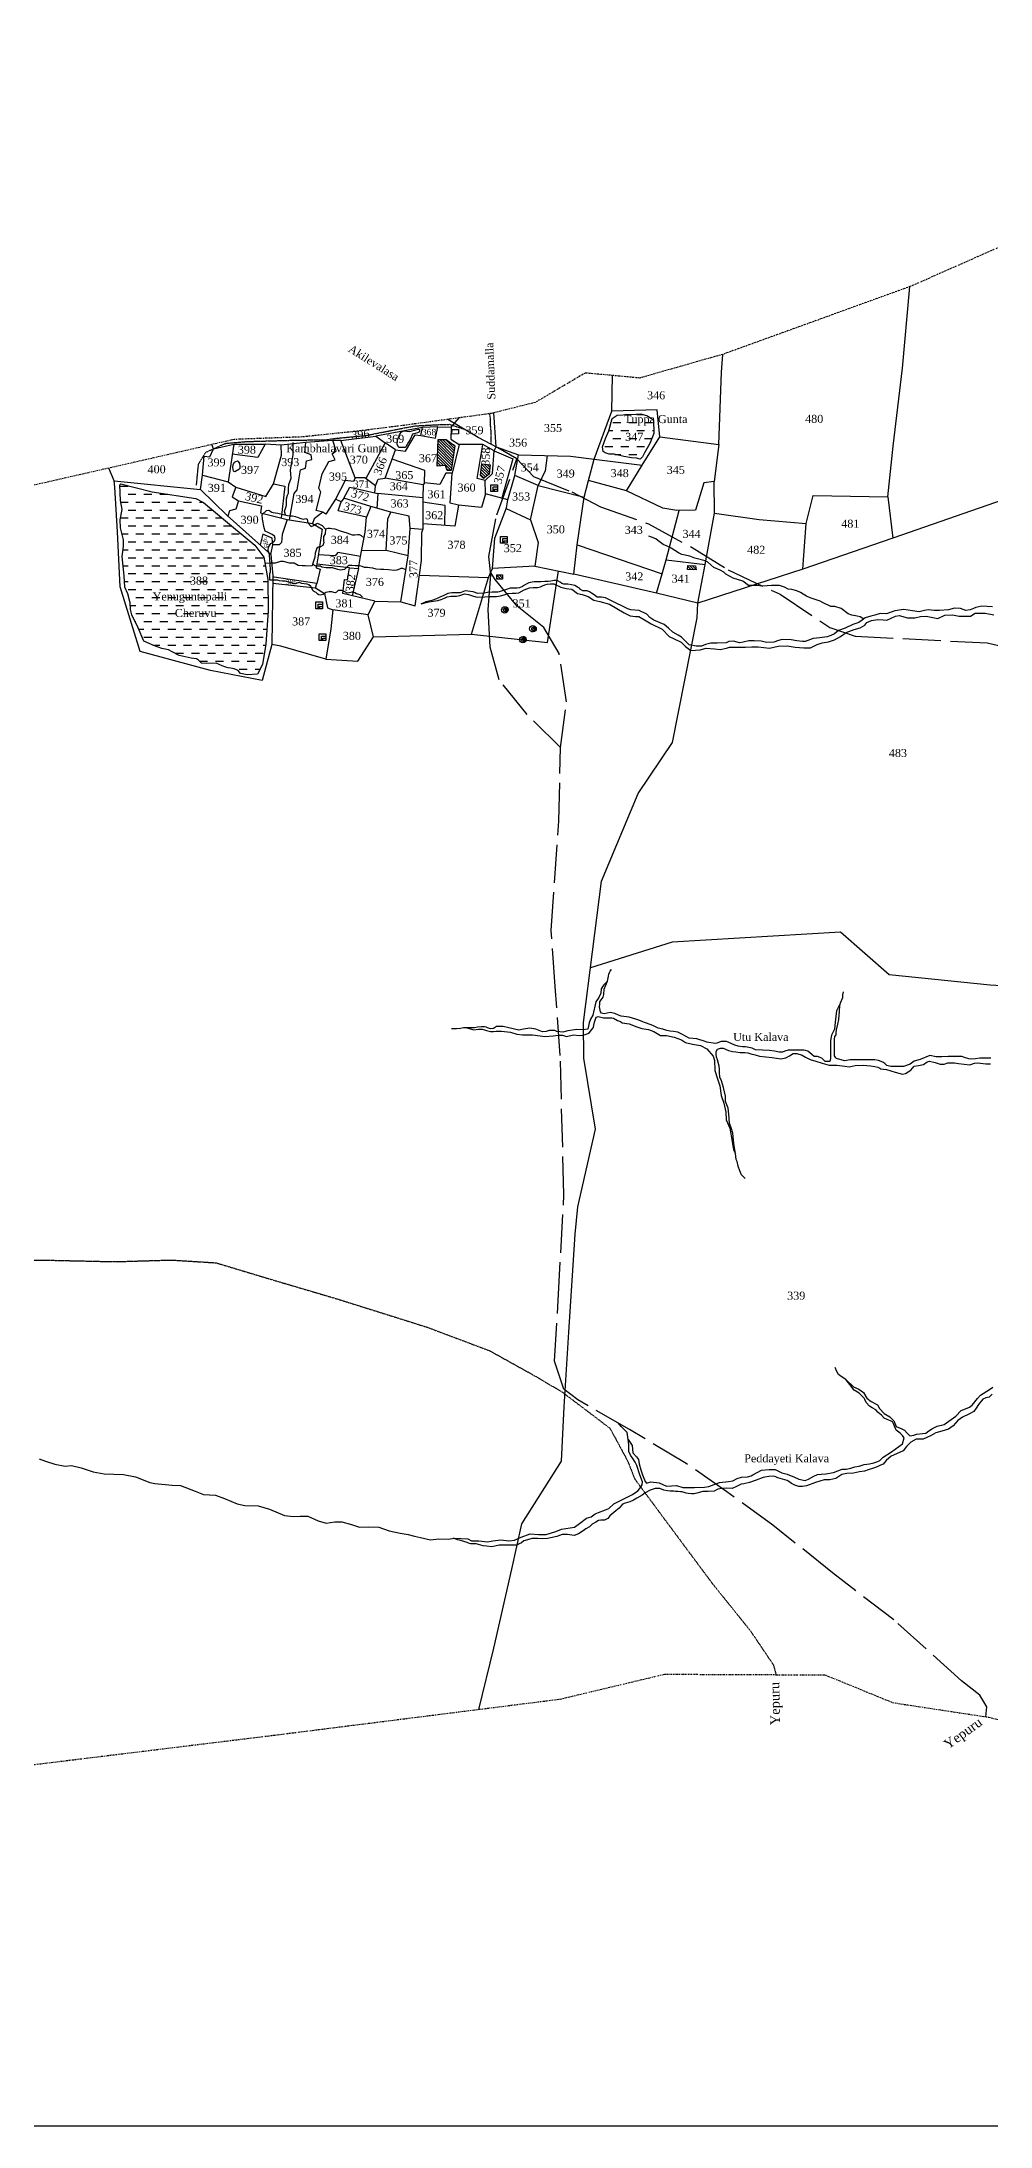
# Model space of a CAD drawing. Header units: millimetres. Extents: x 1039 to 3150, y 234 to 1226.
# Drawn here: x 1810 to 2109, y 234 to 890 of the extents above; entities that cross this region are included whole.
import ezdxf

# ---------------------------------------------------------------- set-up
doc = ezdxf.new("R2010")
doc.units = ezdxf.units.MM
doc.header["$MEASUREMENT"] = 0
for name, pattern in [('ACAD_ISO02W100', [15, 12, -3]), ('ACAD_ISO07W100', [3, 0, -3]), ('BORDER', [1.75, 0.5, -0.25, 0.5, -0.25, 0, -0.25])]:
    doc.linetypes.add(name, pattern=pattern)
for name, color, linetype in [('CARTTRACK', 30, 'ACAD_ISO02W100'), ('NALA', 4, 'Continuous'), ('ROUND WELL', 5, 'Continuous'), ('SQUAREWELL', 5, 'Continuous'), ('SURVEY_BND', 7, 'Continuous'), ('VILLAGE_AREA', 1, 'Continuous'), ('WATER_BODY', 4, 'Continuous')]:
    doc.layers.add(name, color=color, linetype=linetype)
doc.layers.add('FOOTPATH', color=150, linetype='ACAD_ISO07W100', lineweight=30)
doc.layers.add('VILL_BOUNDARY', color=6, linetype='BORDER', lineweight=30)
doc.styles.get("Standard").update_dxf_attribs({"font": 'TIMES.TTF'})

msp = doc.modelspace()

# ---------------------------------------------------------------- hatches: boundary and pattern name
at = {"layer": 'VILLAGE_AREA'}
h = msp.add_hatch(dxfattribs=at)
h.set_pattern_fill('ANSI31', color=256, scale=5, angle=90, style=0)
h.paths.add_polyline_path([(1940.28, 762.73), (1937.6, 764.67), (1935.02, 764.7), (1934.7, 756.34), (1937.4, 756.55), (1937.86, 754.92), (1939.14, 754.9)])
h.paths.add_polyline_path([(1951.46, 756.73), (1948.83, 757.05), (1948.34, 753.33), (1949.32, 752.38), (1951.05, 753.82)])
h.paths.add_polyline_path([(1951.78, 755.72), (1952.1, 762.56), (1948.28, 762.74), (1947.96, 755.89)], flags=9)
h = msp.add_hatch(dxfattribs=at)
h.set_pattern_fill('ANSI31', color=256, scale=5, angle=90, style=0)
h.paths.add_polyline_path([(2015.94, 724.95), (2013.59, 725.09), (2013.49, 723.81), (2016.18, 723.7)])
h.paths.add_polyline_path([(1955.31, 722.12), (1953.46, 722.12), (1953.46, 720.75), (1955.31, 720.75)])
at = {"layer": 'WATER_BODY'}
h = msp.add_hatch(dxfattribs=at)
h.set_pattern_fill('DASH', color=256, scale=20, style=0)
h.paths.add_polyline_path([(2002.91, 766.6), (2002.82, 770.81), (2001.98, 771.43), (2000.85, 772.07), (1998.8, 772.7), (1997.34, 772.6), (1995.04, 772.58), (1991.31, 772.36), (1989.8, 771.33), (1988.77, 767.42), (1987.69, 765.03), (1986.69, 762.4), (1986.93, 760.92), (1987.6, 760.44), (1988.86, 760.06), (1990.44, 760.04), (1993.41, 759.32), (1995.87, 758.91), (1997.43, 758.86), (1998.58, 758.46), (1999.35, 759.22), (1999.97, 760.46), (2001.64, 763.42)])
h.paths.add_polyline_path([(1992.7, 768.22), (2013.85, 768.22), (2013.85, 773.18), (1992.7, 773.18)], flags=9)
h.paths.add_polyline_path([(1993.23, 763.58), (2000.08, 763.58), (2000.08, 767.42), (1993.23, 767.42)], flags=24)
h = msp.add_hatch(dxfattribs=at)
h.set_pattern_fill('DASH', color=256, scale=20, style=0)
h.paths.add_polyline_path([(1877.38, 731.47), (1870.02, 737.58), (1861.22, 744.9), (1858.84, 746.13), (1845.11, 748.27), (1835.28, 750.69), (1834.92, 750.47), (1835.16, 745.51), (1835.67, 742.69), (1835.06, 739.47), (1835.09, 736.89), (1836.1, 733.11), (1836.12, 731.08), (1835.62, 727.91), (1835.93, 724.83), (1836.32, 721.86), (1836.49, 718.25), (1837.43, 716.2), (1838.15, 713.38), (1838.27, 711.26), (1838.66, 709.57), (1840.71, 705.46), (1842.49, 701.27), (1844.18, 700.57), (1845.88, 699.77), (1848.12, 698.97), (1850.25, 698.54), (1851.36, 697.93), (1853.63, 696.73), (1857.34, 695.96), (1859.01, 695.71), (1859.67, 695.33), (1860.63, 694.32), (1862.33, 694.25), (1865.22, 694.36), (1866.22, 693.94), (1867.11, 693.52), (1868.3, 693.13), (1869, 692.94), (1869.88, 692.82), (1870.89, 692.59), (1872.16, 692.01), (1872.86, 691.13), (1874.94, 690.74), (1878.18, 690.93), (1879.76, 693.94), (1880.81, 700.35), (1881.54, 710.86), (1881.5, 720.69), (1880.26, 727.74)])
h.paths.add_polyline_path([(1851.57, 708.16), (1865.68, 708.16), (1865.68, 712.12), (1851.57, 712.12)], flags=24)
h.paths.add_polyline_path([(1844.4, 712.45), (1868.99, 712.45), (1868.99, 717.52), (1844.4, 717.52)], flags=24)
h.paths.add_polyline_path([(1856.33, 718.39), (1863.18, 718.39), (1863.18, 722.22), (1856.33, 722.22)], flags=24)

# ---------------------------------------------------------------- linework, layer by layer
at = {"lineweight": 30}
msp.add_lwpolyline([(1039.18, 1225.73), (3149.7, 1225.73), (3149.7, 234.41), (1039.18, 234.41)], close=True, dxfattribs=at)
at = {"layer": 'CARTTRACK'}
for points in [[(2107.34, 363.16), (2107.6, 366.27), (2105.47, 369.92), (2099.68, 374.47), (2078.38, 393.61), (2059.07, 408.39), (2040.36, 423.41), (2025.83, 433.91), (2013.01, 442.77), (1995.2, 453.46), (1978.97, 462.78), (1974.58, 466.09), (1971.68, 474.95), (1972.8, 494.04), (1974.63, 527.27), (1973.44, 571.05), (1971.88, 592.71), (1970.57, 610.37), (1972.96, 644.71), (1973.57, 667.84), (1963.04, 678.26), (1954.2, 689.12), (1951.45, 699.38), (1950.73, 711.2), (1951.57, 722.1), (1950.97, 727.95), (1953.48, 740.96), (1959.83, 758.6), (1953.85, 762.06), (1947.64, 765.28), (1938.14, 771)], [(1959.83, 758.6), (1965.08, 753.09), (1977.11, 748.19), (1986.12, 743.47), (2001.2, 738.16), (2014.9, 730.71), (2026.23, 723.72), (2042.6, 716.03), (2058.21, 705.53), (2066.21, 702.85), (2107.7, 700.73), (2122.32, 697.33)], [(1973.57, 667.84), (1975.45, 682.2), (1973.08, 697.42), (1968.25, 705.54), (1959.93, 712.32), (1952.99, 720.7), (1951.49, 722.94)]]:
    msp.add_lwpolyline(points, dxfattribs=at)
at = {"layer": 'FOOTPATH', "ltscale": 0.002}
for points in [[(1859.04, 750.33), (1859.67, 756.84), (1861.96, 760.66), (1868.12, 763.45), (1874.82, 764.04), (1889.09, 764.44), (1899.93, 764.62), (1902.27, 764.98), (1912.43, 765.95), (1923.6, 768.17), (1928.11, 768.98), (1935.33, 769.35), (1938.67, 769.45), (1943.24, 767.93)], [(1951.69, 763.18), (1951.75, 766.69), (1951.5, 769.53), (1951.48, 771.54), (1951.23, 772.79)], [(1794.78, 506.68), (1812.58, 506.68), (1833.38, 506.22), (1851.08, 506.74), (1865.19, 505.86), (1883.32, 500.41), (1903.11, 494.57), (1931.59, 485.62), (1951.2, 478.24), (1965, 470.58), (1973.98, 465.3), (1989.08, 453.86), (1994.64, 443.57), (1996.86, 437.92), (2010.91, 418.99), (2021.23, 405.12), (2033.28, 390.13), (2040.5, 379.44), (2041.33, 376.38)]]:
    msp.add_lwpolyline(points, dxfattribs=at)
at = {"layer": 'NALA'}
for points in [[(1887, 740.95), (1886.72, 742.12), (1887.12, 743.25), (1887.36, 744.05), (1887.36, 745.12), (1887.36, 745.98), (1887.7, 747.17), (1887.95, 747.84), (1887.98, 748.58), (1887.98, 749.28), (1888.04, 750.57), (1888.81, 752.57), (1888.68, 753.74), (1888.59, 755.12), (1889.27, 758.74), (1889.42, 759.87), (1889.42, 760.82), (1889.42, 761.68), (1889.42, 763.06), (1889.42, 763.76)], [(1911.3, 715.16), (1910.55, 715.88), (1909.77, 716.05), (1909.33, 716.18), (1908.85, 716.48), (1908.47, 716.67), (1907.99, 716.67), (1907.02, 716.44), (1906.44, 716.38), (1905.73, 716.74), (1905.1, 717.11), (1904.72, 717.23), (1903.84, 717.24), (1903.58, 717.17), (1903.1, 716.68), (1902.64, 716.44), (1902.25, 716.55), (1901.65, 716.81), (1900.75, 716.83), (1899.75, 716.6), (1898.93, 715.93), (1897.9, 715.73), (1897.52, 715.85), (1897, 716.15), (1896.84, 716.35), (1896.63, 716.57), (1896.16, 716.82), (1895.88, 717.02), (1895.63, 717.26), (1895.49, 717.56), (1895.04, 718.51), (1894.34, 718.97), (1893.8, 719.24), (1892.87, 719.35), (1892.15, 719.44), (1891.36, 719.69), (1890.42, 719.36), (1889.67, 719.31), (1888.83, 719.59), (1888.14, 719.78), (1887.71, 719.89), (1886.89, 720.11), (1886.11, 720.12), (1885.14, 720.27), (1884.59, 720.48), (1883.17, 720.49), (1882.14, 720.45), (1882.13, 721.43), (1882.14, 722.4), (1882.31, 723.06), (1882.33, 724.03), (1882.18, 725.05), (1882.18, 725.79), (1882.06, 726.79), (1882.02, 728.56), (1881.62, 729.81), (1881.65, 730.84), (1882.41, 731.95), (1883.33, 732.48), (1883.64, 732.92), (1883.79, 733.51), (1883.53, 734.3), (1882.85, 734.85), (1881.78, 735.31), (1880.68, 735.88), (1880.29, 736.91), (1879.79, 739.6), (1879.74, 741.13), (1881.08, 742.34), (1881.82, 742.43), (1882.74, 741.84), (1883.11, 741.73), (1884.58, 741.57), (1886.37, 741.14), (1887.62, 740.76), (1888.5, 740.63), (1889.26, 740.63), (1890.14, 740.5), (1890.71, 740.22), (1891.91, 739.85), (1892.74, 739.65), (1893.43, 739.86), (1893.8, 739.6), (1894.04, 738.51), (1895.09, 737.31), (1895.88, 737.66), (1896.84, 738.25), (1897.06, 738.4), (1898.53, 737.66), (1899.64, 736.54), (1899.54, 735.05), (1898.99, 734.22), (1898.97, 732.86), (1899.12, 732.33), (1898.79, 731.36), (1898.05, 730.93), (1897.39, 730.84), (1896.91, 730.47), (1896.56, 729.59), (1896.34, 728.91), (1896.21, 727.65), (1895.73, 726.14), (1895.4, 724.93), (1893.69, 724.91), (1893.21, 724.93), (1892.31, 724.93), (1891.02, 725.1), (1889.77, 725.76), (1888.94, 725.82), (1888.31, 725.82), (1886.38, 726.33), (1885.5, 726.35), (1883.82, 725.85), (1882.9, 725.85), (1880.62, 725.7)], [(1911.75, 733.83), (1911.21, 734.05), (1910.89, 734.42), (1910.32, 734.69), (1909.73, 734.74), (1908.86, 734.65), (1908.15, 734.65), (1906.46, 735.19), (1904.29, 735.9), (1903.49, 736.22), (1902.64, 736.52), (1901.61, 736.61), (1901.11, 736.66), (1900.4, 736.66), (1899.64, 736.54)], [(2068.91, 708.24), (2067.74, 708.92), (2066.85, 709.09), (2065.11, 709.45), (2064.02, 709.85), (2061.76, 711.55), (2059.78, 712.15), (2058.53, 712.19), (2056.18, 713.36), (2055.25, 713.85), (2052.99, 714.58), (2052.06, 714.86), (2050.89, 715.42), (2049.84, 716.07), (2048.99, 716.59), (2047.9, 717.12), (2046.24, 717.56), (2045.15, 717.68), (2043.98, 718.25), (2042.4, 718.73), (2041.19, 718.77), (2039.9, 718.77), (2037.21, 718.56), (2035.33, 718.81), (2032.62, 718.81), (2030.88, 720.19), (2027.81, 721.06), (2025.48, 722.3), (2024.89, 722.93), (2023.72, 723.58), (2021.71, 724.43), (2019.92, 726.1), (2019.04, 726.53), (2015.77, 727.41), (2014.16, 728.03), (2011.73, 728.48), (2010.62, 729.04), (2008.32, 730.57), (2007.13, 731.11), (2005.85, 731.71), (2004.12, 732.9), (2003.52, 733.44), (2002.1, 733.98), (2001.36, 734.26)], [(1924.93, 723.66), (1923.93, 724.12), (1923.29, 724.09), (1922.85, 723.88), (1922.1, 723.56), (1921.24, 723.51), (1919.41, 723.7), (1917.97, 723.83), (1916.93, 723.83), (1915.54, 723.95), (1914.46, 724.24), (1913.58, 724.34), (1912.78, 724.48), (1911.93, 724.41), (1911.1, 724.73), (1910.75, 724.87), (1910.02, 725), (1908.97, 724.97), (1907.88, 725.09), (1906.88, 725.07), (1905.63, 723.8), (1904.36, 723.63), (1903.46, 723.8), (1901.8, 724.29), (1900.71, 724.34), (1899.79, 724.34), (1898.49, 724.56), (1898.01, 724.83), (1896.47, 724.9), (1895.56, 725.53)], [(2109.42, 712.06), (2106.07, 712.3), (2104.18, 711.89), (2103.39, 711.53), (2102.37, 711.08), (2101, 710.96), (2099.33, 711.58), (2097.47, 711.63), (2095.6, 711.18), (2092.7, 710.89), (2091.07, 710.91), (2089.21, 711.08), (2087.99, 710.89), (2086.39, 710.48), (2084.24, 710.86), (2081.54, 711.27), (2078.67, 710.82), (2076.09, 709.84), (2074.05, 709.95), (2072.36, 709.43), (2071.16, 709.09), (2069.39, 708.59), (2068.42, 707.9), (2067.36, 707.18), (2065.5, 706.54), (2063.11, 705.38), (2061.02, 704.6), (2059.69, 703.59), (2058.51, 703.1), (2057.39, 702.65), (2055.09, 702.29), (2052.95, 702.07), (2050.45, 701.14), (2049.65, 701.14), (2047.84, 701.36), (2046.05, 701.69), (2043.28, 701.85), (2042.12, 701.5), (2040.62, 700.96), (2038.27, 700.88), (2036.62, 701.23), (2034.4, 701.35), (2032.81, 701.35), (2031.02, 700.99), (2029.87, 700.75), (2027.96, 701.32), (2026.43, 701.15), (2025.67, 700.78), (2022.79, 700.67), (2020.86, 700.63), (2019.12, 700.2), (2017.88, 699.67), (2016.23, 699.66), (2013.98, 700.18), (2012.98, 701.14), (2011.56, 702.51), (2010.51, 703.21), (2008.85, 704.14), (2007.47, 705.4), (2006.17, 706.55), (2002.89, 707.87), (2001.64, 708.76), (2000.65, 709.81), (1998.31, 710.97), (1995.62, 711.09), (1994.71, 711.46), (1993.07, 712.29), (1991.05, 713.26), (1989.16, 714.22), (1987.65, 714.9), (1986.47, 715.11), (1985.11, 715.13), (1984.11, 715.81), (1983.25, 716.38), (1982.67, 716.84), (1981.91, 717.08), (1980.59, 717.07), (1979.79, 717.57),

:::

Tally every line of the listing that holds the string "BORDER", then give the number by itself.

2